▶ _Exercise goal_
Go through the records below from the first line and print each one exactly, stopping after the line that contains "#42=VERTEX_POINT('',#41);". Do not print pictures or anything past that line.

(Data records)
_ _ _ _
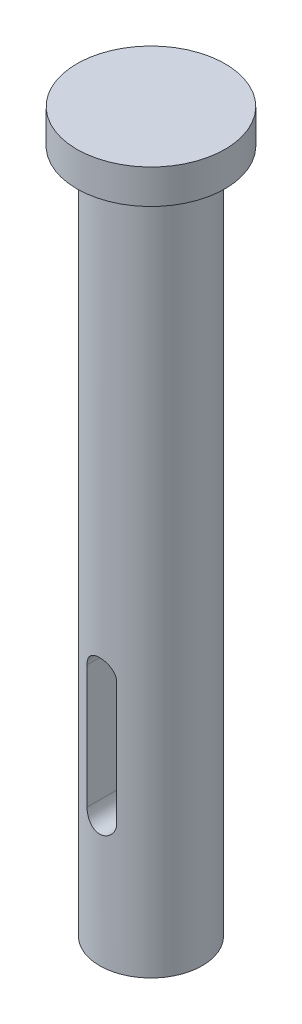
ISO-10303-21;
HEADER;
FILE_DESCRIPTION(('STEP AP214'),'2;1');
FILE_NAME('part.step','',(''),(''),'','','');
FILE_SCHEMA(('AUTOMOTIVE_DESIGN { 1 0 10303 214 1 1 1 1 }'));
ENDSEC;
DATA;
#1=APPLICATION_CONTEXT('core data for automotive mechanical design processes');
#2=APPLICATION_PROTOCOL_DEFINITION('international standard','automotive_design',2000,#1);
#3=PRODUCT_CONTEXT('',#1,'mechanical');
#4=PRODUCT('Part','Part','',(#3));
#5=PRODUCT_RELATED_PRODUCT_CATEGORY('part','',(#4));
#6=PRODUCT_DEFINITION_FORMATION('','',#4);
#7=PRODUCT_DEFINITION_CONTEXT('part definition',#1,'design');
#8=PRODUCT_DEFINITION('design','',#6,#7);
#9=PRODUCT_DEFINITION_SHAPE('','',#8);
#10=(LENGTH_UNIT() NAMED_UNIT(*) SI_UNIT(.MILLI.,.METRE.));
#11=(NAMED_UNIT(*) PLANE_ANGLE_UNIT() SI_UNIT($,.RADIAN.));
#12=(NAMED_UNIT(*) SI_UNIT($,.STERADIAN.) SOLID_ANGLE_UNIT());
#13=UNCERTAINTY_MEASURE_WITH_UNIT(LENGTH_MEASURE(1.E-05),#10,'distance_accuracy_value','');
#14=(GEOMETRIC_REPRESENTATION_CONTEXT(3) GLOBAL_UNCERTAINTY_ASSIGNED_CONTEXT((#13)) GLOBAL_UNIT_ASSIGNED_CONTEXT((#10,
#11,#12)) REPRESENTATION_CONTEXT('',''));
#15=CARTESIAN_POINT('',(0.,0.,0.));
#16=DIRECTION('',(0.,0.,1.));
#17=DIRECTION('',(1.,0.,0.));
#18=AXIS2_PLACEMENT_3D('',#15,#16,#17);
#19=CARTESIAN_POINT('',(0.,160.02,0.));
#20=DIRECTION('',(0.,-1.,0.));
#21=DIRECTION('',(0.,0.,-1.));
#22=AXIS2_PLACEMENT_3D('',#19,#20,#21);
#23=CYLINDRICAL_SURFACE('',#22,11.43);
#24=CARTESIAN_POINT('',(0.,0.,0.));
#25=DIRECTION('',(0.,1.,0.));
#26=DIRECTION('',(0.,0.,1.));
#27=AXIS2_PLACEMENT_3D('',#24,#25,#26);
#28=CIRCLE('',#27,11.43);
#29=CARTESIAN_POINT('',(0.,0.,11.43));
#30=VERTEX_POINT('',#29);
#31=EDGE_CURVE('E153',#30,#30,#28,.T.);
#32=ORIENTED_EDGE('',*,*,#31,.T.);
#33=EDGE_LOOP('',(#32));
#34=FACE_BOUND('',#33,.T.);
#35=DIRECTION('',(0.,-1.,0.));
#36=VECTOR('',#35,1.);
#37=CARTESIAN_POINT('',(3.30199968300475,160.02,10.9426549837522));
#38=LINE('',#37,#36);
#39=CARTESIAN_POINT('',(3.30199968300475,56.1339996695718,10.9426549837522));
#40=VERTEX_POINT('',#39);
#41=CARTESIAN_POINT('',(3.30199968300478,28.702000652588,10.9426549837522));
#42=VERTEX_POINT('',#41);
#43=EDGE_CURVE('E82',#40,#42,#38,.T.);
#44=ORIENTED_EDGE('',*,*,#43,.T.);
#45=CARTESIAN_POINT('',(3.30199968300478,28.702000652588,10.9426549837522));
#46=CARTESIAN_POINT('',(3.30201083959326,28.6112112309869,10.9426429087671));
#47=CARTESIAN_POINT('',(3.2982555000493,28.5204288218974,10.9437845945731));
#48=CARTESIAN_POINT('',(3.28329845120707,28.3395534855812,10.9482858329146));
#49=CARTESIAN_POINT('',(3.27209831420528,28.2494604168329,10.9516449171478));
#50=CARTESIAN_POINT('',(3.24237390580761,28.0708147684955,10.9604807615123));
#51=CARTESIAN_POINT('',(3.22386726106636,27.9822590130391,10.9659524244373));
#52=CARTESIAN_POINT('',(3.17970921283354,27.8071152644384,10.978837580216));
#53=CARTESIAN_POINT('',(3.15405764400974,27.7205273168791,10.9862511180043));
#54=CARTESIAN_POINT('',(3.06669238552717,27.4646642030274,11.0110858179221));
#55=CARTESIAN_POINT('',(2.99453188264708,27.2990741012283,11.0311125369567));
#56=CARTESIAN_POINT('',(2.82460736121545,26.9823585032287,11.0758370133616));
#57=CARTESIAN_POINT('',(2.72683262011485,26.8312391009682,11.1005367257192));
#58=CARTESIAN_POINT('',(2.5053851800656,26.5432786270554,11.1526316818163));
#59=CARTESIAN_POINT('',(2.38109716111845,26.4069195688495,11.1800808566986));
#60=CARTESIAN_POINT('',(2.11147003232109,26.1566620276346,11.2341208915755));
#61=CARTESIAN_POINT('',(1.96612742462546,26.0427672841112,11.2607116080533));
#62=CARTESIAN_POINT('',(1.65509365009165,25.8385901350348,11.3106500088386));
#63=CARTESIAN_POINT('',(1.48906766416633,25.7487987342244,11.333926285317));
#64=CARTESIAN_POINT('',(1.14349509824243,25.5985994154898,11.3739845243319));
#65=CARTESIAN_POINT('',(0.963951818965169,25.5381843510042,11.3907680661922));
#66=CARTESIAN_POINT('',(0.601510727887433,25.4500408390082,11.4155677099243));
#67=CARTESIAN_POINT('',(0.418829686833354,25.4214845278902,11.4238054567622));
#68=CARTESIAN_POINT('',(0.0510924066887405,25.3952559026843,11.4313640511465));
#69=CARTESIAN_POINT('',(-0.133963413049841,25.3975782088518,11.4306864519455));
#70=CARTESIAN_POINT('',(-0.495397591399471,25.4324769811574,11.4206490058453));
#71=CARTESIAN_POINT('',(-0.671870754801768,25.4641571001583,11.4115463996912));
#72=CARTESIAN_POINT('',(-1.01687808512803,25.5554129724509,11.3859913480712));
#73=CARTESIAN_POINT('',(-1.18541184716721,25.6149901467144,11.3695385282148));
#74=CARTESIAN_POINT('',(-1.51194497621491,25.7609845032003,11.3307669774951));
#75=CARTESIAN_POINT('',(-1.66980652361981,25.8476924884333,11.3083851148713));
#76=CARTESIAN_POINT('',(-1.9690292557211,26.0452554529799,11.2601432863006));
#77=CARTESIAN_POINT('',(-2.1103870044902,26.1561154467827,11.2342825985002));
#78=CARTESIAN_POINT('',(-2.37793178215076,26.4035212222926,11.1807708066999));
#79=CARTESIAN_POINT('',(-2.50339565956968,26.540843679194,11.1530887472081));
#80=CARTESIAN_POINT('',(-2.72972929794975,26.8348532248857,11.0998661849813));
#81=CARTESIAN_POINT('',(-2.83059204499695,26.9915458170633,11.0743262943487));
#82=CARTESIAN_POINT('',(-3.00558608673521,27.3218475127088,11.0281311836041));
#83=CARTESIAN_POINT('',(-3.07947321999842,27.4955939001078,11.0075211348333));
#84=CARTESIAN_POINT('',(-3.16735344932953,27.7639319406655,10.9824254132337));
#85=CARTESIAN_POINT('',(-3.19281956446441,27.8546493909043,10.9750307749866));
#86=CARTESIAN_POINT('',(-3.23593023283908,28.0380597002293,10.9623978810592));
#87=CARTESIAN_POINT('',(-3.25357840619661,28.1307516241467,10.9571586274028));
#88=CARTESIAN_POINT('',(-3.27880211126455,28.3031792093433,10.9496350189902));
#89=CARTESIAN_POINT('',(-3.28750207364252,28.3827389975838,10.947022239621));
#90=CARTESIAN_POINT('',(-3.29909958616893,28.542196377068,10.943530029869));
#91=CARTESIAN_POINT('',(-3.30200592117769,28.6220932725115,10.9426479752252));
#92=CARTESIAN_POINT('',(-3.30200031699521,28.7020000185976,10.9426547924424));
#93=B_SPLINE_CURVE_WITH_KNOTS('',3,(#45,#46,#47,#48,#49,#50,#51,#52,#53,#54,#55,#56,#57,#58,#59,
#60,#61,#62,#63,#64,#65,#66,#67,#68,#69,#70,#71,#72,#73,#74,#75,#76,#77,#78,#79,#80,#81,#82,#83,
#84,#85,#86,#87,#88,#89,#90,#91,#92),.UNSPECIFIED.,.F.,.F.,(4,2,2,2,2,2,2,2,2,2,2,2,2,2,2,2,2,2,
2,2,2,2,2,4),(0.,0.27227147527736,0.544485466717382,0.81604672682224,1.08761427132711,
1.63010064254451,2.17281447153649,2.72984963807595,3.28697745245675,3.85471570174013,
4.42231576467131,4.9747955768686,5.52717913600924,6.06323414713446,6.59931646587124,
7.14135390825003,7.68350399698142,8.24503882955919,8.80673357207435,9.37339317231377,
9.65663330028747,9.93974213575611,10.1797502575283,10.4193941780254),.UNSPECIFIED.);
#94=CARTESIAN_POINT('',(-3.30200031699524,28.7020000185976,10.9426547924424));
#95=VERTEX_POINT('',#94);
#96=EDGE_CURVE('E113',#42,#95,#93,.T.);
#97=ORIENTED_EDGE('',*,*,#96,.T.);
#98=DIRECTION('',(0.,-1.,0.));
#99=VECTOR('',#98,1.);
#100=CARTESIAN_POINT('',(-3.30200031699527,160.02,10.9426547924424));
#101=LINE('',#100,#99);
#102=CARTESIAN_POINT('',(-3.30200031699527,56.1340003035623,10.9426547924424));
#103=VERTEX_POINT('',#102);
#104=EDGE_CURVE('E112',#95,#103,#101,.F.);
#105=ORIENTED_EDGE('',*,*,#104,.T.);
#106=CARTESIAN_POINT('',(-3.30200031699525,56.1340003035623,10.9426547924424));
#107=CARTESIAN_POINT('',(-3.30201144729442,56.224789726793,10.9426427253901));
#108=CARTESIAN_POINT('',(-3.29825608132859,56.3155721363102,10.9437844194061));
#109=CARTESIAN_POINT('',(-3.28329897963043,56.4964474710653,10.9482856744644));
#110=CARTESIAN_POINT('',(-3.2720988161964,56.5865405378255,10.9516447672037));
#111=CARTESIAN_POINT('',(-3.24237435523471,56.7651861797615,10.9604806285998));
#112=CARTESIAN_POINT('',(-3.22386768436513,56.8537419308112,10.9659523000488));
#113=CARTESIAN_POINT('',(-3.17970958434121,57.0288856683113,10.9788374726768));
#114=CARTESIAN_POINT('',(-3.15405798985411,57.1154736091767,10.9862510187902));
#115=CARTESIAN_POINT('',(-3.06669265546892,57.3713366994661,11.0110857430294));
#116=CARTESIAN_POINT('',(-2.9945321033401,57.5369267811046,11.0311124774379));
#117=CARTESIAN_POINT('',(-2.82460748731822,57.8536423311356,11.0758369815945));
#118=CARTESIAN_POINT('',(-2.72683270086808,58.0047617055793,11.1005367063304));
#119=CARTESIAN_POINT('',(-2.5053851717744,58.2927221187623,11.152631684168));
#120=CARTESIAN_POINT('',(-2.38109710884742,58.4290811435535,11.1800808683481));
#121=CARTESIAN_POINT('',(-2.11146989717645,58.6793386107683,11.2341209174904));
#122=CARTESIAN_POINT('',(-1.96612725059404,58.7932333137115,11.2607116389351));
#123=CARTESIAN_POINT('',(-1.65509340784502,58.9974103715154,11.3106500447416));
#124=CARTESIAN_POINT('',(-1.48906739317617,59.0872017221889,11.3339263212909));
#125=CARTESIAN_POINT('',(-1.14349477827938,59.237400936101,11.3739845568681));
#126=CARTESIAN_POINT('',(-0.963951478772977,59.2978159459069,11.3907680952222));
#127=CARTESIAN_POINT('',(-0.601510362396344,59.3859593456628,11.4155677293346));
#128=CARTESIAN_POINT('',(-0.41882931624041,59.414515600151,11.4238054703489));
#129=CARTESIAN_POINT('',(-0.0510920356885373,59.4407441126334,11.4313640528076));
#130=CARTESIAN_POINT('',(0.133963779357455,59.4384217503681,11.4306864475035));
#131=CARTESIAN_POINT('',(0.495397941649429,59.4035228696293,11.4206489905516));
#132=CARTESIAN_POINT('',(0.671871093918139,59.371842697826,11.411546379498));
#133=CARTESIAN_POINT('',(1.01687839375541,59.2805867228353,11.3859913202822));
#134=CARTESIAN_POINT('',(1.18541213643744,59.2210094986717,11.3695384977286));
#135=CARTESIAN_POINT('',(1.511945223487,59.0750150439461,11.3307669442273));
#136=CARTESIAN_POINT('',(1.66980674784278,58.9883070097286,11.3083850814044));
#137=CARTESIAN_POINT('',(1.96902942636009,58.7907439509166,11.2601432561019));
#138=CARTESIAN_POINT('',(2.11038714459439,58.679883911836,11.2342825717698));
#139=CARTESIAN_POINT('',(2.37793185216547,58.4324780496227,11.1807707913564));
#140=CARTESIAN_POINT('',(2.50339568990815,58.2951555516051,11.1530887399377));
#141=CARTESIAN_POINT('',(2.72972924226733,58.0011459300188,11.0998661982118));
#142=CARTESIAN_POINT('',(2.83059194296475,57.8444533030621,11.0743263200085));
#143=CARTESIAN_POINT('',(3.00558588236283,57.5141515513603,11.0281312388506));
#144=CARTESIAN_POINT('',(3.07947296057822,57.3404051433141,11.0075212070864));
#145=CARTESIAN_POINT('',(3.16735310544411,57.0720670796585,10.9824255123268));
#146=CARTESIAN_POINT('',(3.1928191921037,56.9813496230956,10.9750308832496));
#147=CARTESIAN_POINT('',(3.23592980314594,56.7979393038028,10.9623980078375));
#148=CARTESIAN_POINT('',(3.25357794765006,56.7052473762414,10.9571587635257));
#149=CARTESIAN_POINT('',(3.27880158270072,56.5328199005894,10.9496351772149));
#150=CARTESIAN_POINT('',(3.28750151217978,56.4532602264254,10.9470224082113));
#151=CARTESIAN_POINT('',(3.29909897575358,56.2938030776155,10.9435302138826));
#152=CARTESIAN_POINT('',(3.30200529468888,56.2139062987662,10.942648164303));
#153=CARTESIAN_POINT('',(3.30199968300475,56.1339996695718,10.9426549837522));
_ _ _ _
▶ _Expected answer_
ISO-10303-21;
HEADER;
FILE_DESCRIPTION(('STEP AP214'),'2;1');
FILE_NAME('part.step','',(''),(''),'','','');
FILE_SCHEMA(('AUTOMOTIVE_DESIGN { 1 0 10303 214 1 1 1 1 }'));
ENDSEC;
DATA;
#1=APPLICATION_CONTEXT('core data for automotive mechanical design processes');
#2=APPLICATION_PROTOCOL_DEFINITION('international standard','automotive_design',2000,#1);
#3=PRODUCT_CONTEXT('',#1,'mechanical');
#4=PRODUCT('Part','Part','',(#3));
#5=PRODUCT_RELATED_PRODUCT_CATEGORY('part','',(#4));
#6=PRODUCT_DEFINITION_FORMATION('','',#4);
#7=PRODUCT_DEFINITION_CONTEXT('part definition',#1,'design');
#8=PRODUCT_DEFINITION('design','',#6,#7);
#9=PRODUCT_DEFINITION_SHAPE('','',#8);
#10=(LENGTH_UNIT() NAMED_UNIT(*) SI_UNIT(.MILLI.,.METRE.));
#11=(NAMED_UNIT(*) PLANE_ANGLE_UNIT() SI_UNIT($,.RADIAN.));
#12=(NAMED_UNIT(*) SI_UNIT($,.STERADIAN.) SOLID_ANGLE_UNIT());
#13=UNCERTAINTY_MEASURE_WITH_UNIT(LENGTH_MEASURE(1.E-05),#10,'distance_accuracy_value','');
#14=(GEOMETRIC_REPRESENTATION_CONTEXT(3) GLOBAL_UNCERTAINTY_ASSIGNED_CONTEXT((#13)) GLOBAL_UNIT_ASSIGNED_CONTEXT((#10,
#11,#12)) REPRESENTATION_CONTEXT('',''));
#15=CARTESIAN_POINT('',(0.,0.,0.));
#16=DIRECTION('',(0.,0.,1.));
#17=DIRECTION('',(1.,0.,0.));
#18=AXIS2_PLACEMENT_3D('',#15,#16,#17);
#19=CARTESIAN_POINT('',(0.,160.02,0.));
#20=DIRECTION('',(0.,-1.,0.));
#21=DIRECTION('',(0.,0.,-1.));
#22=AXIS2_PLACEMENT_3D('',#19,#20,#21);
#23=CYLINDRICAL_SURFACE('',#22,11.43);
#24=CARTESIAN_POINT('',(0.,0.,0.));
#25=DIRECTION('',(0.,1.,0.));
#26=DIRECTION('',(0.,0.,1.));
#27=AXIS2_PLACEMENT_3D('',#24,#25,#26);
#28=CIRCLE('',#27,11.43);
#29=CARTESIAN_POINT('',(0.,0.,11.43));
#30=VERTEX_POINT('',#29);
#31=EDGE_CURVE('E153',#30,#30,#28,.T.);
#32=ORIENTED_EDGE('',*,*,#31,.T.);
#33=EDGE_LOOP('',(#32));
#34=FACE_BOUND('',#33,.T.);
#35=DIRECTION('',(0.,-1.,0.));
#36=VECTOR('',#35,1.);
#37=CARTESIAN_POINT('',(3.30199968300475,160.02,10.9426549837522));
#38=LINE('',#37,#36);
#39=CARTESIAN_POINT('',(3.30199968300475,56.1339996695718,10.9426549837522));
#40=VERTEX_POINT('',#39);
#41=CARTESIAN_POINT('',(3.30199968300478,28.702000652588,10.9426549837522));
#42=VERTEX_POINT('',#41);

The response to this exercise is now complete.